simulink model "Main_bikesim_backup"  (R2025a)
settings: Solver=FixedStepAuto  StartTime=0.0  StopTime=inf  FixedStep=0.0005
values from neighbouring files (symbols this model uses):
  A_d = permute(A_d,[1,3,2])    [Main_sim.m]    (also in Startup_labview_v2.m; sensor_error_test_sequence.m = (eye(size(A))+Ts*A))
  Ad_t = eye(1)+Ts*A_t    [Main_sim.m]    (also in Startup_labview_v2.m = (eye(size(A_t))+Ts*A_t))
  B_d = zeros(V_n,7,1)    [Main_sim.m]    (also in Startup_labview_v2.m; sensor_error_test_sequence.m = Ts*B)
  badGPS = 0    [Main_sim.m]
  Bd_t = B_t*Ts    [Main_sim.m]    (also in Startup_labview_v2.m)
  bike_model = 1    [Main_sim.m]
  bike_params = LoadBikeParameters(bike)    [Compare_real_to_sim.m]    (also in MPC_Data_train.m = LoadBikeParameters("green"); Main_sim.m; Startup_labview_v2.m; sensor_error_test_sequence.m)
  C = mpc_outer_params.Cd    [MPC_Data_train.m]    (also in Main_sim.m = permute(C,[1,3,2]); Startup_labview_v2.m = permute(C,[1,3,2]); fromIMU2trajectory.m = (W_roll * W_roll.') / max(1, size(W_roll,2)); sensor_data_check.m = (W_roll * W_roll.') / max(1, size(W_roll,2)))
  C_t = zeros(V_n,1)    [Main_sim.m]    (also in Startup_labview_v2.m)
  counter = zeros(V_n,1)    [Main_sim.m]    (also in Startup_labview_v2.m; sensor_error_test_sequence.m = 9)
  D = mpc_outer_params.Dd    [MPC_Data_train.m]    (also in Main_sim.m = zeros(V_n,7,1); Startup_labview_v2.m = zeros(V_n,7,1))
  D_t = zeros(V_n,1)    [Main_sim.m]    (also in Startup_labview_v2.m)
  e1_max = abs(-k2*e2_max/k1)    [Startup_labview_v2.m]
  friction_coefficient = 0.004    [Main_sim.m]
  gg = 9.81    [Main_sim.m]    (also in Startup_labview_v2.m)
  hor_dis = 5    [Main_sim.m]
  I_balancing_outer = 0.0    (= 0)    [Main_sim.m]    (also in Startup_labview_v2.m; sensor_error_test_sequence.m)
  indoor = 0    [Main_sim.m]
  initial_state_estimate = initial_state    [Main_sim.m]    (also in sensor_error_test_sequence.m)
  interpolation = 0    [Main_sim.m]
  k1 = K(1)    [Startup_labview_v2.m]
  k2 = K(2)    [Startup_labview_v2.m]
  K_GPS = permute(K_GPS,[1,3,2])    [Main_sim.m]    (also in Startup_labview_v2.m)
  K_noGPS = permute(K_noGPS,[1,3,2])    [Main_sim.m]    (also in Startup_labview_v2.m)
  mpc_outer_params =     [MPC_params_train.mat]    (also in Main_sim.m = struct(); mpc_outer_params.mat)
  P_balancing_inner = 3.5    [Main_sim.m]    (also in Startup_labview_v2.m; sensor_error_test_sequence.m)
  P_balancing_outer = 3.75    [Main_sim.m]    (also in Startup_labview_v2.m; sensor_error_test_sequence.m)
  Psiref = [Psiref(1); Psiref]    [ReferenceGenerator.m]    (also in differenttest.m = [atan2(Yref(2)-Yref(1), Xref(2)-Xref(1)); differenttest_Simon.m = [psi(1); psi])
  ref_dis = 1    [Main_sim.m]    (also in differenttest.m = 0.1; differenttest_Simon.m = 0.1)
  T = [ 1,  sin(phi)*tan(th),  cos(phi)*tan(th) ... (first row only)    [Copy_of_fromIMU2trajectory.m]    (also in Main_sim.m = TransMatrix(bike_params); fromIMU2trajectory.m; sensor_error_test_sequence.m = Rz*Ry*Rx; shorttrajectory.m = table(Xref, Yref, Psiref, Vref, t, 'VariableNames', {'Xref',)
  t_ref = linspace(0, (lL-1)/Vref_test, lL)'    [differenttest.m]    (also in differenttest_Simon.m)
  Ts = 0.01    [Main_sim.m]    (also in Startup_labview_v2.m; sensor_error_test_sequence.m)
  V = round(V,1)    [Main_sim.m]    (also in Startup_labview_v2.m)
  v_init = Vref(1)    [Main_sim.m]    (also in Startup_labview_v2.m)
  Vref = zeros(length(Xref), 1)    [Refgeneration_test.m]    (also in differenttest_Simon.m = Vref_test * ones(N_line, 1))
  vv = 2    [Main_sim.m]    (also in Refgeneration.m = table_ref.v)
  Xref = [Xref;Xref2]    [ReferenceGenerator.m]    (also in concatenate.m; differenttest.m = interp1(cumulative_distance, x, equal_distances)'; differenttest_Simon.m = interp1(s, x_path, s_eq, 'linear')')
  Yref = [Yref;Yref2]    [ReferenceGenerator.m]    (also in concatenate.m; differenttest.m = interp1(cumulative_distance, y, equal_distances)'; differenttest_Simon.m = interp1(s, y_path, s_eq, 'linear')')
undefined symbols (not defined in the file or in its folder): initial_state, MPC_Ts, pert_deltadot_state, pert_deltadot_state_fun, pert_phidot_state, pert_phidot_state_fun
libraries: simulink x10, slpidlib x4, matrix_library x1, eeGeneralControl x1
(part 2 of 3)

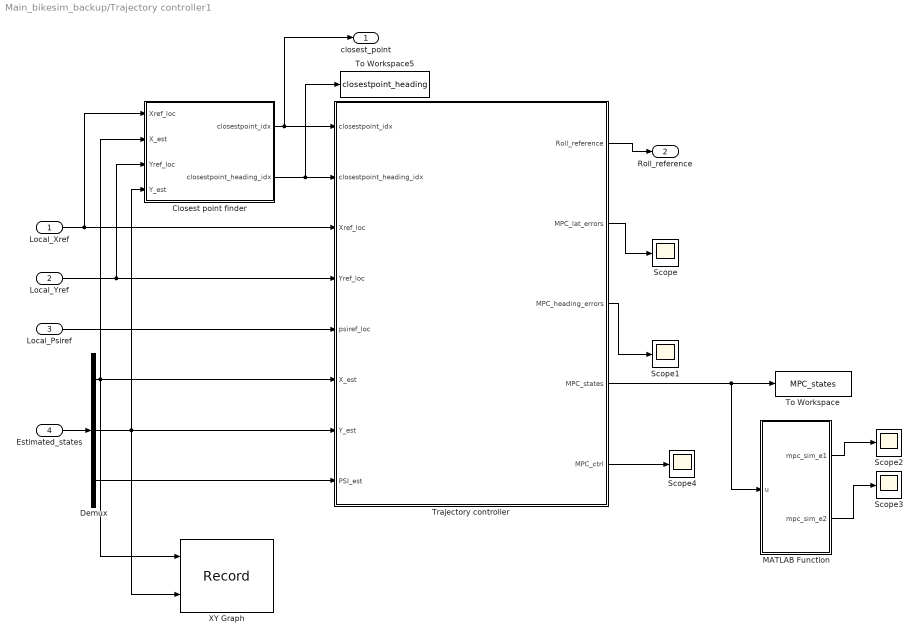
== system Main_bikesim_backup/Trajectory controller1 ==
  Local_Xref : Inport
  Local_Yref : Inport  Port=2
  Local_Psiref : Inport  Port=3
  Estimated_states : Inport  Port=4
  Closest point finder : MATLAB Function  TreatAsAtomicUnit=on
  Demux : Demux  Outputs=3
  MATLAB Function : MATLAB Function  TreatAsAtomicUnit=on
  Scope{,1..4} (5 alike) : Scope
      Scope settings: ActiveDisplayYMinimum=-10.323052116626126  ActiveDisplayYMaximum=2.50520359067044  DataLoggingVariableName=ScopeData21
      Scope1 settings: ActiveDisplayYMinimum=-2.3069490270114361  ActiveDisplayYMaximum=0.25967766677403764  DataLoggingVariableName=ScopeData22
      Scope2 settings: ActiveDisplayYMinimum=-0.54382498124419365  ActiveDisplayYMaximum=0.057362051727919812  DataLoggingVariableName=ScopeData28
      Scope3 settings: ActiveDisplayYMinimum=-0.21677334939399687  ActiveDisplayYMaximum=0.018061249921101648  DataLoggingVariableName=ScopeData29
      Scope4 settings: ActiveDisplayYMinimum=-0.43633231299858333  ActiveDisplayYMaximum=0.436332312998583  DataLoggingVariableName=ScopeData30
  To Workspace : ToWorkspace  VariableName=MPC_states  SaveFormat=Timeseries  SampleTime=-1
  To Workspace5 : ToWorkspace  VariableName=closestpoint_heading  SaveFormat=Timeseries  SampleTime=-1
  Trajectory controller : MATLAB Function  TreatAsAtomicUnit=on
  XY Graph : Record  NumPorts=2.0  FileSettingsInternal="{\"entries\":[{\"content\":{\"excelSettings\":{\"content\":{},\"type\":\"Streamout.ExcelSettings\"},\"parquetSettings\":{\"content\":{},\"type\":\"Streamout.ParquetSettings\"}},\"type\":\"Streamout.FileSettingStorage\",\"uuid\":\"\"}],\"packageUris\":[\"http:\\/\\/schema.mathworks.com\\/mf0\\/streamout_blocks\\/R2020a\"],\"version\":\"1.0\"}"  FrameSettings=[0, 0]  Layout=[1 1]  SignalsInternal="{\"entries\":[{\"content\":{\"signals\":[{\"content\":{\"blockPath\":[],\"dimensions\":[1],\"domain\":\"\",\"lineColor\":\"#edb120\",\"lineWidth\":2,\"port\":1,\"sid\":[\"\"],\"signalID\":1},\"type\":\"RecordBlkView.Signal\",\"uuid\":\"\"},{\"content\":{\"blockPath\":[],\"dimensions\":[1],\"domain\":\"\",\"lineColor\":\"#7e2f8e\",\"lineWidth\":2,\"port\":1,\"sid\":[\"\"],\"signalID\":2,\"signalName\":\"Add\"},\"type\":\"RecordBlkView.Signal\",\"uuid\":\"\"},{\"content\":{\"blockPath\":[],\"dimensions\":[7],\"domain\":\"\",\"hasChildren\":true,\"lineColor\":\"#7e2f8e\",\"lineWidth\":2,\"port\":1,\"sid\":[\"\"],\"signalID\":3},\"type\":\"RecordBlkView.Signal\",\"uuid\":\"\"},{\"content\":{\"blockPath\":[],\"channel\":[1],\"dimensions\":[7],\"domain\":\"\",\"lineColor\":\"#4dbeee\",\"lineWidth\":2,\"parentID\":3,\"port\":1,\"sid\":[\"\"],\"signalID\":4},\"type\":\"RecordBlkView.Signal\",\"uuid\":\"\"},{\"content\":{\"blockPath\":[],\"dimensions\":[1],\"domain\":\"\",\"lineColor\":\"#a2142f\",\"lineWidth\":2,\"port\":1,\"sid\":[\"\"],\"signalID\":5,\"signalName\":\"calculate pose_error based on projection point to reference point at time t\"},\"type\":\"RecordBlkView.Signal\",\"uuid\":\"\"},{\"content\":{\"blockPath\":[],\"dimensions\":[1],\"domain\":\"\",\"lineColor\":\"#139fff\",\"lineWidth\":2,\"port\":1,\"sid\":[\"\"],\"signalID\":6,\"signalName\":\"closest_point\"},\"type\":\"RecordBlkView.Signal\",\"uuid\":\"\"},{\"content\":{\"blockPath\":[],\"dimensions\":[7],\"domain\":\"\",\"hasChildren\":true,\"lineColor\":\"#139fff\",\"lineWidth\":2,\"port\":1,\"sid\":[\"\"],\"signalID\":7},\"type\":\"RecordBlkView.Signal\",\"uuid\":\"\"},{\"content\":{\"blockPath\":[],\"channel\":[1],\"dimensions\":[7],\"domain\":\"\",\"lineColor\":\"#b746ff\",\"lineWidth\":2,\"parentID\":7,\"port\":1,\"sid\":[\"\"],\"signalID\":8},\"type\":\"RecordBlkView.Signal\",\"uuid\":\"\"},{\"content\":{\"blockPath\":[],\"dimensions\":[7],\"domain\":\"\",\"hasChildren\":true,\"lineColor\":\"#b746ff\",\"lineWidth\":2,\"port\":1,\"sid\":[\"\"],\"signalID\":9},\"type\":\"RecordBlkView.Signal\",\"uuid\":\"\"},{\"content\":{\"blockPath\":[],\"channel\":[1],\"dimensions\":[7],\"domain\":\"\",\"lineColor\":\"#ff13a6\",\"lineWidth\":2,\"parentID\":9,\"port\":1,\"sid\":[\"\"],\"signalID\":10},\"type\":\"RecordBlkView.Signal\",\"uuid\":\"\"},{\"content\":{\"blockPath\":[],\"dimensions\":[1],\"domain\":\"\",\"lineColor\":\"#7e2f8e\",\"lineWidth\":2,\"port\":1,\"sid\":[\"\"],\"signalID\":11,\"signalName\":\"Trajectory controller:1\"},\"type\":\"RecordBlkView.Signal\",\"uuid\":\"\"},{\"content\":{\"blockPath\":[],\"dimensions\":[1],\"domain\":\"\",\"lineColor\":\"#77ac30\",\"lineWidth\":2,\"port\":1,\"sid\":[\"\"],\"signalID\":12,\"signalName\":\"Trajectory controller:2\"},\"type\":\"RecordBlkView.Signal\",\"uuid\":\"\"},{\"content\":{\"blockPath\":[],\"dimensions\":[1],\"domain\":\"\",\"lineColor\":\"#4dbeee\",\"lineWidth\":2,\"port\":1,\"sid\":[\"\"],\"signalID\":13,\"signalName\":\"Trajectory controller:6\"},\"type\":\"RecordBlkView.Signal\",\"uuid\":\"\"},{\"content\":{\"blockPath\":[],\"dimensions\":[1],\"domain\":\"\",\"lineColor\":\"#a2142f\",\"plots\":[ 1 ],\"port\":1,\"sid\":[\"\"],\"signalID\":14,\"signalName\":\"Demux:1\"},\"type\":\"RecordBlkView.Signal\",\"uuid\":\"\"},{\"content\":{\"blockPath\":[],\"dimensions\":[1],\"domain\":\"\",\"lineColor\":\"#139fff\",\"plots\":[ 1 ],\"port\":2,\"sid\":[\"\"],\"signalID\":15,\"signalName\":\"Demux:2\"},\"type\":\"RecordBlkView.Signal\",\"uuid\":\"\"},{\"content\":{\"blockPath\":[],\"dimensions\":[260],\"domain\":\"\",\"hasChildren\":true,\"lineColor\":\"#edb120\",\"lineWidth\":2,\"port\":1,\"sid\":[\"\"],\"signalID\":16,\"signalName\":\"Trajectory controller:4\"},\"type\":\"RecordBlkView.Signal\",\"uuid\":\"\"},{\"content\":{\"blockPath\":[],\"channel\":[1],\"dimensions\":[260],\"domain\":\"\",\"lineColor\":\"#d95319\",\"lineWidth\":2,\"parentID\":16,\"port\":1,\"sid\":[\"\"],\"signalID\":17,\"signalName\":\"Trajectory controller:4\"},\"type\":\"RecordBlkView.Signal\",\"uuid\":\"\"},{\"content\":{\"blockPath\":[],\"dimensions\":[1],\"domain\":\"\",\"lineColor\":\"#edb120\",\"lineWidth\":2,\"port\":1,\"sid\":[\"\"],\"signalID\":18,\"signalName\":\"Closest point finder:2\"},\"type\":\"RecordBlkView.Signal\",\"uuid\":\"\"},{\"content\":{\"blockPath\":[],\"dimensions\":[1],\"domain\":\"\",\"lineColor\":\"#7e2f8e\",\"lineWidth\":2,\"port\":1,\"sid\":[\"\"],\"signalID\":19},\"type\":\"RecordBlkView.Signal\",\"uuid\":\"\"},{\"content\":{\"blockPath\":[],\"dimensions\":[7],\"domain\":\"\",\"hasChildren\":true,\"lineColor\":\"#a2142f\",\"lineWidth\":2,\"port\":1,\"sid\":[\"\"],\"signalID\":20,\"signalName\":\"Mux\"},\"type\":\"RecordBlkView.Signal\",\"uuid\":\"\"},{\"content\":{\"blockPath\":[],\"channel\":[1],\"dimensions\":[7],\"domain\":\"\",\"lineColor\":\"#4dbeee\",\"lineWidth\":2,\"parentID\":20,\"port\":1,\"sid\":[\"\"],\"signalID\":21,\"signalName\":\"Mux\"},\"type\":\"RecordBlkView.Signal\",\"uuid\":\"\"},{\"content\":{\"blockPath\":[],\"dimensions\":[7],\"domain\":\"\",\"hasChildren\":true,\"lineColor\":\"#ff6929\",\"lineWidth\":2,\"port\":1,\"sid\":[\"\"],\"signalID\":22,\"signalName\":\"From10\"},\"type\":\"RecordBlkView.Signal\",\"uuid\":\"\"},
^^^^^^^^^^^^^^^^
Problem requirements » Output the listing above word for word, from the opening line through the line that contains "Bd_t = B_t*Ts", and leave out everything after it.

Response to this task »
simulink model "Main_bikesim_backup"  (R2025a)
settings: Solver=FixedStepAuto  StartTime=0.0  StopTime=inf  FixedStep=0.0005
values from neighbouring files (symbols this model uses):
  A_d = permute(A_d,[1,3,2])    [Main_sim.m]    (also in Startup_labview_v2.m; sensor_error_test_sequence.m = (eye(size(A))+Ts*A))
  Ad_t = eye(1)+Ts*A_t    [Main_sim.m]    (also in Startup_labview_v2.m = (eye(size(A_t))+Ts*A_t))
  B_d = zeros(V_n,7,1)    [Main_sim.m]    (also in Startup_labview_v2.m; sensor_error_test_sequence.m = Ts*B)
  badGPS = 0    [Main_sim.m]
  Bd_t = B_t*Ts    [Main_sim.m]    (also in Startup_labview_v2.m)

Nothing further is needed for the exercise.